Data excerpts

•••

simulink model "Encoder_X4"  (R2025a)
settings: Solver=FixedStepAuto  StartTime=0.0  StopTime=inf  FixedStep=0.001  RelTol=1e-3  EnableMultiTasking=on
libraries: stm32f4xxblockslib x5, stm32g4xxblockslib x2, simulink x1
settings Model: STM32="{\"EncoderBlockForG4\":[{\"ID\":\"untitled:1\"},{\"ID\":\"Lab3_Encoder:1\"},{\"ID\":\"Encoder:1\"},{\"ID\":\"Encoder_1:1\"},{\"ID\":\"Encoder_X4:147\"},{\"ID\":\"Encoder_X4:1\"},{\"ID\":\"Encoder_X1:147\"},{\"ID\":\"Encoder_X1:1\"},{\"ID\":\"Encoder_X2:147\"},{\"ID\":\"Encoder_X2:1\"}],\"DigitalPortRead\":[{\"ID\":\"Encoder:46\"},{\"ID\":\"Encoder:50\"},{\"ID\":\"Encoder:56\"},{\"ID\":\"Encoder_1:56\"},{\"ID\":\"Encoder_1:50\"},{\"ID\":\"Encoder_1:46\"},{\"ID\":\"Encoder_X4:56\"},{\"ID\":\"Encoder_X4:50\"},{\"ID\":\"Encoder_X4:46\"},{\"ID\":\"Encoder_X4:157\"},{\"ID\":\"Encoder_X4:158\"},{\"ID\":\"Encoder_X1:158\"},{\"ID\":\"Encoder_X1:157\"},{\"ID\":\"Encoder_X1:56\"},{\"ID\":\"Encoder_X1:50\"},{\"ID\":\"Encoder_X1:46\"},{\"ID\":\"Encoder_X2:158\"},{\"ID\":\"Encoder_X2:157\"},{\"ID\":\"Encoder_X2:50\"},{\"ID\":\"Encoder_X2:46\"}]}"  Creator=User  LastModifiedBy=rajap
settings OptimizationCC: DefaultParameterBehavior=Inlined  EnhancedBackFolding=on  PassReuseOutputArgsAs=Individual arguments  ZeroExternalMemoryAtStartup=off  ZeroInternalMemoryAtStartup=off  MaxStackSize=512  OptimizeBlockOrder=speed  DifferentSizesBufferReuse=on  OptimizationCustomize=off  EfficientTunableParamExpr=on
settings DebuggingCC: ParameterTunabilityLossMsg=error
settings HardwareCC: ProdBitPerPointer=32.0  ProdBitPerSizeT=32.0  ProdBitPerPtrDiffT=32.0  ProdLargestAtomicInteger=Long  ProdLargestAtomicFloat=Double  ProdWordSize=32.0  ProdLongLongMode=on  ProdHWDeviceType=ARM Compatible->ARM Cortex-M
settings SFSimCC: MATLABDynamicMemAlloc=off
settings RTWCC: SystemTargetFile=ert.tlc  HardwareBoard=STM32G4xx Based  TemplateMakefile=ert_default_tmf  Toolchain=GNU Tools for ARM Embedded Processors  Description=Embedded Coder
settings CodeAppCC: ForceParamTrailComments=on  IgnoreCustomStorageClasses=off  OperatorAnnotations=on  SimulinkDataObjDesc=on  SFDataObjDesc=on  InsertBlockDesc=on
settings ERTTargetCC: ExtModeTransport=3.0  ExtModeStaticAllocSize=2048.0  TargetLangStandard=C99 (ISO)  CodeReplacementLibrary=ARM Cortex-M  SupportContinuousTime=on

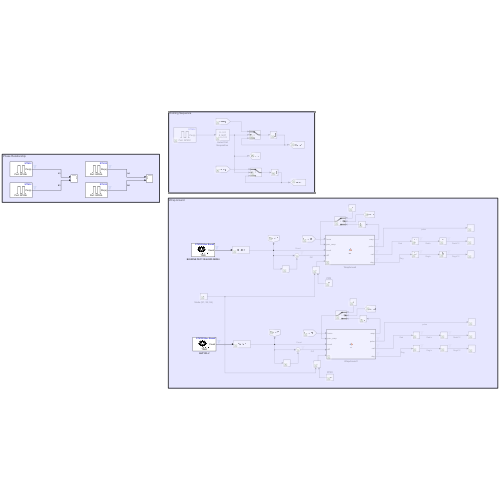
[thumbnail: Simulink's stored preview of the top-level diagram]
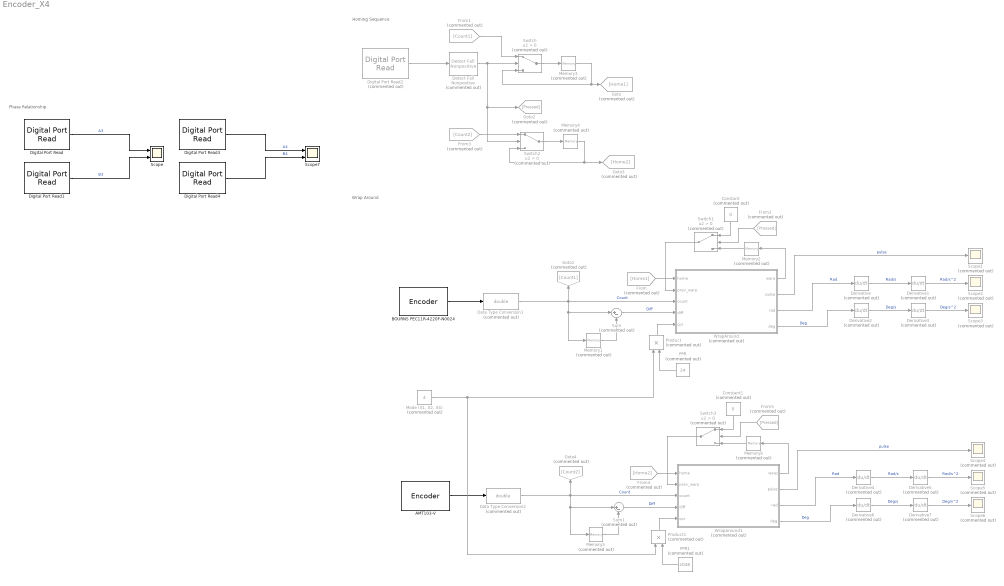
== system Encoder_X4 ==
  note: Wrap Around
  note: Homing Sequence
  note: Phase Relationship
  AMT103-V : stm32g4xxblockslib/Encoder  TimerModule=TIM4  EnableResetInput=off  OutputCountAfterFirstIndex=off  OutputValidIndex=off  OutputDirection=off  OutputStatus=off  SampleTime=-1
  BOURNS PEC11R-4220F-N0024 : stm32g4xxblockslib/Encoder  TimerModule=TIM3  EnableResetInput=off  OutputCountAfterFirstIndex=off  OutputValidIndex=off  OutputDirection=off  OutputStatus=off  SampleTime=-1
  Constant : Constant  Commented=on  Value=0
  Constant1 : Constant  Commented=on  Value=0
  Data Type Conversion1 : DataTypeConversion  Commented=on  OutDataTypeStr=double  SaturateOnIntegerOverflow=off  RndMeth=Floor
  Data Type Conversion2 : DataTypeConversion  Commented=on  OutDataTypeStr=double  SaturateOnIntegerOverflow=off  RndMeth=Floor
  Derivative{,1..7} (8 alike) : Derivative  Commented=on
  "Detect Fall Nonpositive " : simulink/Logic and Bit Operations/Detect Fall Nonpositive  Commented=on  vinit=0  OutDataTypeStr=boolean
  Digital Port Read : stm32f4xxblockslib/Digital Port Read  PortName=GPIOA  PinNumber=[6]  ReadOperation=on  IOAsArray=on  SampleTime=-1  EnableSimPort=off  hoistedMaskSrc=ECSoC/ECSimCodegen/Digital Port Read
  Digital Port Read1 : stm32f4xxblockslib/Digital Port Read  PortName=GPIOA  PinNumber=[4]  ReadOperation=on  IOAsArray=on  SampleTime=-1  EnableSimPort=off  hoistedMaskSrc=ECSoC/ECSimCodegen/Digital Port Read
  Digital Port Read2 : stm32f4xxblockslib/Digital Port Read  Commented=on  PortName=GPIOC  PinNumber=[13]  ReadOperation=on  IOAsArray=on  SampleTime=-1  EnableSimPort=off  hoistedMaskSrc=ECSoC/ECSimCodegen/Digital Port Read
  Digital Port Read3 : stm32f4xxblockslib/Digital Port Read  PortName=GPIOA  PinNumber=[11]  ReadOperation=on  IOAsArray=on  SampleTime=-1  EnableSimPort=off  hoistedMaskSrc=ECSoC/ECSimCodegen/Digital Port Read
  Digital Port Read4 : stm32f4xxblockslib/Digital Port Read  PortName=GPIOA  PinNumber=[12]  ReadOperation=on  IOAsArray=on  SampleTime=-1  EnableSimPort=off  hoistedMaskSrc=ECSoC/ECSimCodegen/Digital Port Read
  From : From  Commented=on  GotoTag=Home1
  From1 : From  Commented=on  GotoTag=Count1
  From2 : From  Commented=on  GotoTag=Pressed
  From3 : From  Commented=on  GotoTag=Count2
  From4 : From  Commented=on  GotoTag=Home2
  From5 : From  Commented=on  GotoTag=Pressed
  Goto : Goto  Commented=on  GotoTag=Home1
  Goto1 : Goto  Commented=on  GotoTag=Count1
  Goto2 : Goto  Commented=on  GotoTag=Pressed
  Goto3 : Goto  Commented=on  GotoTag=Home2
  Goto4 : Goto  Commented=on  GotoTag=Count2
  Memory{1..6} (6 alike) : Memory  Commented=on
  "Mode (X1, X2, X4)" : Constant  Commented=on  Value=4
  PPR : Constant  Commented=on  Value=24
  PPR1 : Constant  Commented=on  Value=2048
  Product : Product  Commented=on
  Product1 : Product  Commented=on
  Scope : Scope  NumInputPorts=2
  Scope{1..6} (6 alike) : Scope  Commented=on
      Scope2 settings: DataLoggingVariableName=ScopeData2
      Scope3 settings: DataLoggingVariableName=ScopeData3
      Scope4 settings: DataLoggingVariableName=ScopeData4
      Scope5 settings: DataLoggingVariableName=ScopeData5
      Scope6 settings: DataLoggingVariableName=ScopeData6
  Scope7 : Scope  NumInputPorts=2
      settings: DataLoggingVariableName=ScopeData7
  Sum : Sum  Commented=on  Inputs=|+-
  Sum1 : Sum  Commented=on  Inputs=|+-
  Switch{,1..3} (4 alike) : Switch  Commented=on  Criteria=u2 > Threshold  SaturateOnIntegerOverflow=off  InputSameDT=off
  WrapAround : MATLAB Function  Commented=on  TreatAsAtomicUnit=on
  WrapAround1 : MATLAB Function  Commented=on  TreatAsAtomicUnit=on
  wires:
  BOURNS PEC11R-4220F-N0024/1 -> Data Type Conversion1/1
  Data Type Conversion1/1 -> WrapAround/3(count), Goto1/1, Memory1/1, Sum/1  "Count"
  Derivative/1 -> Derivative1/1  "Rad/s"
  WrapAround/3(rad) -> Derivative/1  "Rad"
  WrapAround/4(deg) -> Derivative2/1  "Deg"
  Derivative2/1 -> Derivative3/1  "Deg/s"
  Derivative1/1 -> Scope2/1  "Rad/s^2"
  Derivative3/1 -> Scope3/1  "Deg/s^2"
  PPR/1 -> Product/2
  WrapAround/1(warp) -> Memory2/1
  Sum/1 -> WrapAround/4(diff)  "Diff"
  Memory1/1 -> Sum/2
  WrapAround/2(pulse) -> Scope1/1  "pulse"
  Product/1 -> WrapAround/5(cpr)
  Switch/1 -> Memory3/1
  Digital Port Read/1 -> Scope/1  "A3"
  Digital Port Read1/1 -> Scope/2  "B3"
  Digital Port Read2/1 -> "Detect Fall Nonpositive "/1
  Memory3/1 -> Switch/3, Goto/1
  "Detect Fall Nonpositive "/1 -> Goto2/1, Switch2/2, Switch/2
  Memory2/1 -> Switch1/3
  Constant/1 -> Switch1/1
  Switch1/1 -> WrapAround/2(prev_warp)
  From/1 -> WrapAround/1(home)
  From1/1 -> Switch/1
  From2/1 -> Switch1/2
  From3/1 -> Switch2/1
  Memory4/1 -> Switch2/3, Goto3/1
  Switch2/1 -> Memory4/1
  From4/1 -> WrapAround1/1(home)
  Derivative4/1 -> Derivative5/1  "Rad/s"
  Sum1/1 -> WrapAround1/4(diff)  "Diff"
  Data Type Conversion2/1 -> WrapAround1/3(count), Goto4/1, Sum1/1, Memory5/1  "Count"
  WrapAround1/3(rad) -> Derivative4/1  "Rad"
  AMT103-V/1 -> Data Type Conversion2/1
  Derivative6/1 -> Derivative7/1  "Deg/s"
  Switch3/1 -> WrapAround1/2(prev_warp)
  WrapAround1/1(warp) -> Memory6/1
  Constant1/1 -> Switch3/1
  Memory6/1 -> Switch3/3
  WrapAround1/4(deg) -> Derivative6/1  "Deg"
  Derivative5/1 -> Scope5/1  "Rad/s^2"
  WrapAround1/2(pulse) -> Scope4/1  "pulse"
  Derivative7/1 -> Scope6/1  "Deg/s^2"
  From5/1 -> Switch3/2
  "Mode (X1, X2, X4)"/1 -> Product1/1, Product/1
  PPR1/1 -> Product1/2
  Memory5/1 -> Sum1/2
  Product1/1 -> WrapAround1/5(cpr)
  Digital Port Read4/1 -> Scope7/2  "B4"
  Digital Port Read3/1 -> Scope7/1  "A4"

== matlab function Encoder_X4/WrapAround1 ==
  data: warp output; home input; prev_warp input; pulse output; count input; diff input; cpr input; rad output; deg output
function [warp, pulse, rad, deg]= fcn(home, prev_warp, count, diff, cpr)

if diff <= -cpr * 0.5
    warp = prev_warp + 1;
    pulse = count + (warp * cpr);
elseif diff >= cpr * 0.5
    warp = prev_warp - 1;
    pulse = count - (warp * cpr);
else
    warp = prev_warp;
    pulse = count + (warp * cpr);
end

pulse = pulse - home;
rad = (pulse * 2 * pi) / cpr;
deg = rad2deg(rad);

== matlab function Encoder_X4/WrapAround ==
  data: warp output; home input; prev_warp input; pulse output; count input; diff input; cpr input; rad output; deg output
function [warp, pulse, rad, deg]= fcn(home, prev_warp, count, diff, cpr)

if diff <= -cpr * 0.5
    warp = prev_warp + 1;
    pulse = count + (warp * cpr);
elseif diff >= cpr * 0.5
    warp = prev_warp - 1;
    pulse = count - (warp * cpr);
else
    warp = prev_warp;
    pulse = count + (warp * cpr);
end

pulse = pulse - home;
rad = (pulse * 2 * pi) / cpr;
deg = rad2deg(rad);

•••

● **Exercise directions**: Copy exactly the stretch of data above from the line with "note: Homing Sequence" through the line with "BOURNS PEC11R-4220F-N0024 : stm32g4xxblockslib/Encoder", and omit all other lines.

● **Solution for this task**:
  note: Homing Sequence
  note: Phase Relationship
  AMT103-V : stm32g4xxblockslib/Encoder  TimerModule=TIM4  EnableResetInput=off  OutputCountAfterFirstIndex=off  OutputValidIndex=off  OutputDirection=off  OutputStatus=off  SampleTime=-1
  BOURNS PEC11R-4220F-N0024 : stm32g4xxblockslib/Encoder  TimerModule=TIM3  EnableResetInput=off  OutputCountAfterFirstIndex=off  OutputValidIndex=off  OutputDirection=off  OutputStatus=off  SampleTime=-1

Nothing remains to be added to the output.